Because we all have different values and beliefs. That's okay. If you want to hold onto the belief that you will ONLY feel loved when your husband does certain things, that's okay too.
But to be fair, consider that when you do this, you are giving him the POWER to your happiness. And accept that life will be up and down, you will feel sad and happy, depending on what he is doing or not doing. 

You don't have to "fix" it. If you want to follow that belief, you just need to accept it. Ride the waves as they happen. Life will be easier, on your heart. 

If you want to get off the rollercoaster.... that takes some courage. Which you have plenty of. You are a shining star. 


I want to say a lot more, but this tidbit from this article says it much better than I could.
Are Your Expectations Setting You Up for Disappointment?

Look Beyond Your Distractions

A lot of us want external things because of the way we think they will make us feel. I wanted a skinnier body because I thought it would make me feel happy and loved. I wanted a successful career because I thought I would feel fulfilled. I wanted a relationship because I thought it would relieve my loneliness.

These things can distract us from looking within ourselves for answers.

When they fail to do what we want, we fell disappointed and angry. In order to release this cycle of disappointment, we need to release the belief that they will save us.

If you want to experience more love, start giving more love. If you don’t want to feel lonely, then start healing the belief that you are alone. If you want to feel like you’re worth something, start treating yourself like you are worth something, because you most definitely are.

When you heal the beliefs that run wild in your mind, you can still enjoy the externals, but you’re no longer trying to get something from them. You know you’re already fulfilled, happy, and complete, so if your circumstances change, you can maintain your joy.

Relax More, Judge Yourself Less

I’ve learned that the loving voice within, also known as our inner guide, has a bigger plan for us than we have for ourselves. I don’t know about you, but I want that plan!

As it turns out, right now you are exactly where you need to be. Phew.

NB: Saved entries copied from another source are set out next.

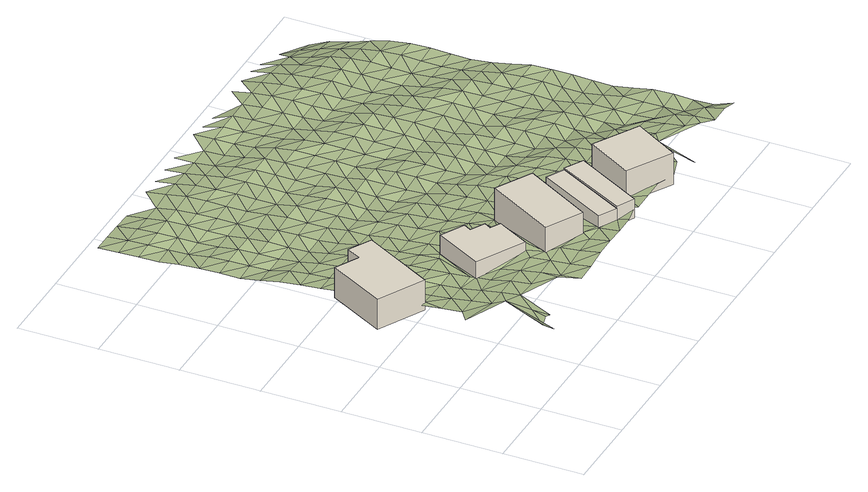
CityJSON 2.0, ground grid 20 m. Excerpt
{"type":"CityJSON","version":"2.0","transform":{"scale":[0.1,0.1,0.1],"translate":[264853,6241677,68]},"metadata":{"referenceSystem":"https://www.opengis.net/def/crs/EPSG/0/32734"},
"CityObjects":{
"building1":{"type":"Building","attributes":{"address":"64 Selbourne Road University Estate Cape Town","building":"house","building:levels":"2","footprint":{"type":"Polygon"},"plus_code":"C6X6X5XP+X8R","ground_height":78.9,"building_height":6.9,"roof_height":85.8},"geometry":[{"type":"Solid","lod":"1","boundaries":[[[[0,1,2,3]],[[1,4,5,2]],[[4,6,7,5]],[[6,8,9,7]],[[8,10,11,9]],[[10,0,3,11]],[[3,2,5,7,9,11]],[[10,8,6,4,1,0]]]]}]},
"building2":{"type":"Building","attributes":{"address":"68 Selbourne Road University Estate Cape Town","building":"house","building:levels":"1","footprint":{"type":"Polygon"},"plus_code":"C7X9X8X5+X6X","ground_height":80.1,"building_height":4.1,"roof_height":84.2},"geometry":[{"type":"Solid","lod":"1","boundaries":[[[[12,13,14,15]],[[13,16,17,14]],[[16,18,19,17]],[[18,20,21,19]],[[20,22,23,21]],[[22,24,25,23]],[[24,26,27,25]],[[26,12,15,27]],[[15,14,17,19,21,23,25,27]],[[26,24,22,20,18,16,13,12]]]]}]},
"building3":{"type":"Building","attributes":{"address":"70 Selbourne Road University Estate Cape Town","building":"house","building:levels":"2","footprint":{"type":"Polygon"},"plus_code":"C8X3X2X7+X9V","ground_height":82.2,"building_height":6.9,"roof_height":89.1},"geometry":[{"type":"Solid","lod":"1","boundaries":[[[[28,29,30,31]],[[29,32,33,30]],[[32,34,35,33]],[[34,28,31,35]],[[31,30,33,35]],[[34,32,29,28]]]]}]},
"building4":{"type":"Building","attributes":{"address":"72 Selbourne Road University Estate Cape Town","building":"house","building:levels":"1","footprint":{"type":"Polygon"},"plus_code":"C8XHX5XM+XGR","ground_height":82.5,"building_height":4.1,"roof_height":86.6},"geometry":[{"type":"Solid","lod":"1","boundaries":[[[[36,37,38,39]],[[37,40,41,38]],[[40,42,43,41]],[[42,36,39,43]],[[39,38,41,43]],[[42,40,37,36]]]]}]},
"building5":{"type":"Building","attributes":{"address":"72A Selbourne Road University Estate Cape Town","building":"house","building:levels":"1","footprint":{"type":"Polygon"},"plus_code":"C8XQXMXV+XPW","ground_height":83,"building_height":4.1,"roof_height":87.1},"geometry":[{"type":"Solid","lod":"1","boundaries":[[[[44,45,43,46,47,39]],[[45,48,49,46,43]],[[48,50,51,49]],[[50,44,39,47,51]],[[47,46,49,51]],[[50,48,45,44]]]]}]},
"building6":{"type":"Building","attributes":{"address":"74 Selbourne Road University Estate Cape Town","building":"house","building:levels":"2","footprint":{"type":"Polygon"},"plus_code":"C9X8X2X3+XPX","ground_height":84.4,"building_height":6.9,"roof_height":91.3},"geometry":[{"type":"Solid","lod":"1","boundaries":[[[[52,53,54,55]],[[53,56,57,54]],[[56,58,59,57]],[[58,52,55,59]],[[55,54,57,59]],[[58,56,53,52]]]]}]},
"terrain1":{"type":"TINRelief","geometry":[{"type":"CompositeSurface","lod":"1","boundaries":[[[60,61,62]],[[60,63,64]],[[65,64,63]],[[64,61,60]],[[66,67,68]],[[61,66,68]],[[65,69,64]],[[70,71,67]],[[66,72,67]],[[73,71,74]],[[70,67,72]],[[64,69,61]],[[74,71,70]],[[75,66,61]],[[76,72,66]],[[74,70,77]],[[75,61,69]],[[78,74,77]],[[66,75,76]],[[72,79,70]],[[79,72,76]],[[80,81,82]],[[77,70,83]],[[69,84,75]],[[78,77,83]],[[83,70,79]],[[85,74,78]],[[84,76,75]],[[86,84,69]],[[87,86,69]],[[88,89,81]],[[90,81,80]],[[83,91,78]],[[81,90,88]],[[92,79,76]],[[93,94,89]],[[95,76,84]],[[78,91,96]],[[90,80,88]],[[89,88,93]],[[92,76,95]],[[85,6,74]],[[97,83,79]],[[78,96,85]],[[98,86,87]],[[99,94,100]],[[101,84,86]],[[102,103,87]],[[104,79,92]],[[105,94,93]],[[83,97,91]],[[97,79,104]],[[99,100,106]],[[84,101,95]],[[87,103,98]],[[105,100,94]],[[101,86,98]],[[102,107,103]],[[108,96,91]],[[93,88,109]],[[95,110,92]],[[106,111,112]],[[91,97,108]],[[105,93,109]],[[113,88,6]],[[111,106,100]],[[101,110,95]],[[113,109,88]],[[98,103,114]],[[103,107,115]],[[112,116,117]],[[96,118,85]],[[96,108,119]],[[98,114,101]],[[116,112,111]],[[115,114,103]],[[120,100,105]],[[97,104,121]],[[12,104,92]],[[109,122,105]],[[96,119,118]],[[85,118,6]],[[123,117,124]],[[100,120,111]],[[108,97,121]],[[125,110,101]],[[124,117,116]],[[120,105,122]],[[126,113,6]],[[127,92,110]],[[109,113,126]],[[128,115,107]],[[125,101,114]],[[119,108,121]],[[126,6,118]],[[123,129,130]],[[131,116,111]],[[123,124,132]],[[121,104,12]],[[133,122,109]],[[131,111,120]],[[118,119,134]],[[114,115,135]],[[127,110,125]],[[123,132,129]],[[109,126,133]],[[136,115,128]],[[137,130,138]],[[114,139,125]],[[119,121,134]],[[116,140,124]],[[116,131,141]],[[136,135,115]],[[137,138,142]],[[120,122,143]],[[130,129,138]],[[122,133,144]],[[139,114,135]],[[132,124,140]],[[127,125,139]],[[118,145,126]],[[116,141,140]],[[118,134,146]],[[121,12,134]],[[143,122,144]],[[142,147,148]],[[131,120,149]],[[136,128,150]],[[118,146,145]],[[129,132,151]],[[133,126,152]],[[138,147,142]],[[141,131,149]],[[149,120,143]],[[132,140,151]],[[127,139,153]],[[154,148,155]],[[144,133,152]],[[136,156,135]],[[134,12,157]],[[152,126,145]],[[157,146,134]],[[147,155,148]],[[150,156,136]],[[139,135,158]],[[159,138,129]],[[129,151,160]],[[161,157,12]],[[161,12,162]],[[140,141,163]],[[149,164,141]],[[159,147,138]],[[165,143,144]],[[155,166,154]],[[129,160,159]],[[152,167,144]],[[168,127,153]],[[145,146,169]],[[158,135,156]],[[141,164,163]],[[170,146,157]],[[151,140,171]],[[165,144,167]],[[147,172,155]],[[173,149,143]],[[146,170,169]],[[162,174,175]],[[171,160,151]],[[176,152,145]],[[156,150,177]],[[161,162,178]],[[171,140,163]],[[172,147,159]],[[179,175,174]],[[29,153,139]],[[180,157,161]],[[173,143,165]],[[181,168,179]],[[182,164,149]],[[176,145,169]],[[150,183,177]],[[178,162,175]],[[156,177,158]],[[155,184,166]],[[185,167,152]],[[157,180,170]],[[155,172,186]],[[180,161,178]],[[160,187,159]],[[188,160,171]],[[149,173,182]],[[164,189,163]],[[155,186,184]],[[152,176,185]],[[190,175,179]],[[153,29,168]],[[191,165,167]],[[190,179,168]],[[160,188,187]],[[158,177,192]],[[172,159,193]],[[194,169,170]],[[164,182,189]],[[180,195,170]],[[192,196,158]],[[197,171,163]],[[173,165,191]],[[178,175,198]],[[191,167,185]],[[193,186,172]],[[176,169,194]],[[159,187,193]],[[170,195,194]],[[177,183,199]],[[171,197,188]],[[178,198,180]],[[197,163,189]],[[190,198,175]],[[192,177,199]],[[182,173,200]],[[190,168,29]],[[201,199,183]],[[184,186,202]],[[185,176,203]],[[173,191,200]],[[187,188,204]],[[205,195,180]],[[186,193,202]],[[176,194,203]],[[158,196,206]],[[188,197,204]],[[205,180,198]],[[196,192,207]],[[189,182,208]],[[198,190,29]],[[200,209,182]],[[191,185,210]],[[184,202,211]],[[203,212,185]],[[213,193,187]],[[197,189,208]],[[195,214,194]],[[187,204,215]],[[182,209,208]],[[195,205,216]],[[210,200,191]],[[210,185,212]],[[201,217,199]],[[214,203,194]],[[187,215,213]],[[195,216,214]],[[218,198,29]],[[202,193,219]],[[198,218,205]],[[207,206,196]],[[206,220,158]],[[204,197,221]],[[208,222,197]],[[223,218,29]],[[219,211,202]],[[200,224,209]],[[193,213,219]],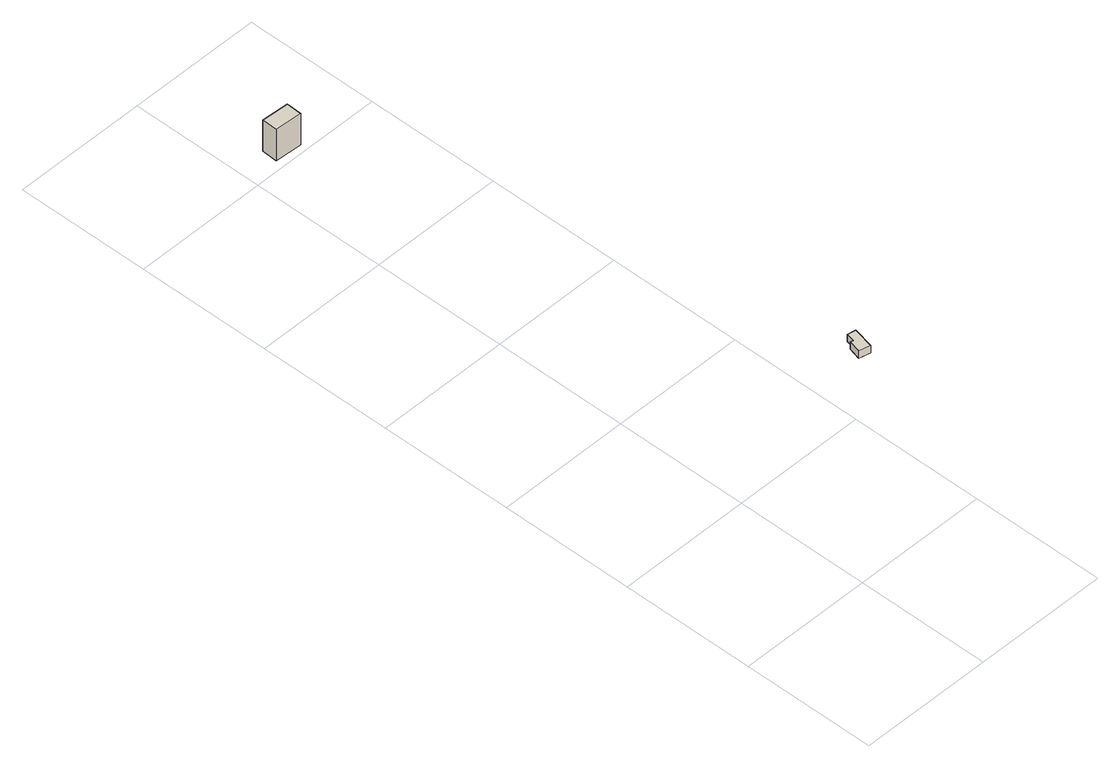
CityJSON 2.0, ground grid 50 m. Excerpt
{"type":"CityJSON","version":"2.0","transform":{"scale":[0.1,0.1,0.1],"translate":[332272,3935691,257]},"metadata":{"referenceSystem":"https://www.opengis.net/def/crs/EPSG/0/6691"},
"CityObjects":{
"building1":{"type":"Building","attributes":{"BuildingIDAttribute.prefecture":"14","BuildingIDAttribute.city":"14151","BuildingDetailAttribute.surveyYear":2015},"geometry":[{"type":"Solid","lod":"1","boundaries":[[[[0,1,2,3,4,5]],[[4,6,7,5]],[[3,8,6,4]],[[2,9,8,3]],[[1,10,9,2]],[[0,11,10,1]],[[5,7,11,0]],[[6,8,9,10,11,7]]]]}]},
"building2":{"type":"Building","attributes":{"usage":"403","measuredHeight":19.3,"storeysAboveGround":1,"BuildingIDAttribute.prefecture":"14","BuildingIDAttribute.city":"14151","BuildingDetailAttribute.totalFloorArea":51.78,"BuildingDetailAttribute.buildingFootprintArea":51.78,"BuildingDetailAttribute.buildingStructureType":"601","BuildingDetailAttribute.buildingStructureOrgType":"1","BuildingDetailAttribute.orgUsage":"80","BuildingDetailAttribute.surveyYear":2015,"BuildingLandSlideRiskAttribute.description":"1","BuildingLandSlideRiskAttribute.areaType":"1"},"geometry":[{"type":"Solid","lod":"1","boundaries":[[[[12,13,14,15]],[[14,16,17,15]],[[13,18,16,14]],[[12,19,18,13]],[[15,17,19,12]],[[16,18,19,17]]]]}]}
},
"vertices":[
[43,6,935],[1,16,935],[12,62,935],[23,59,935],[30,91,935],[61,84,935],[30,91,965],[61,84,965],[23,59,965],[12,62,965],[1,16,965],[43,6,965],
[220,2585,9],[217,2528,9],[116,2534,9],[119,2591,9],[116,2534,139],[119,2591,139],[217,2528,139],[220,2585,139]
]}

The only thing you need to do in order to follow the path of your inner guidance is listen to it by releasing your judgments about what you think is happening. You don’t have to have everything figured out right now.

Get quiet and listen for guidance about what to do in this moment. Any advice coming from love will be something you can do now. The thought of doing it will make you feel lighter and excited.

Change Your Thoughts

If you are feeling disappointed, it’s because of the thoughts you have about the situation. So if you don’t want to feel disappointed, change your thoughts.

The first thing I do when I feel any disturbance to my peace of mind is say to myself, “I am determined to see this person/situation differently.” This is how you step into your power. Everything happens for you, not to you.

You’ll be amazed at the shifts in perception that occur when you become willing to release fear and see love instead.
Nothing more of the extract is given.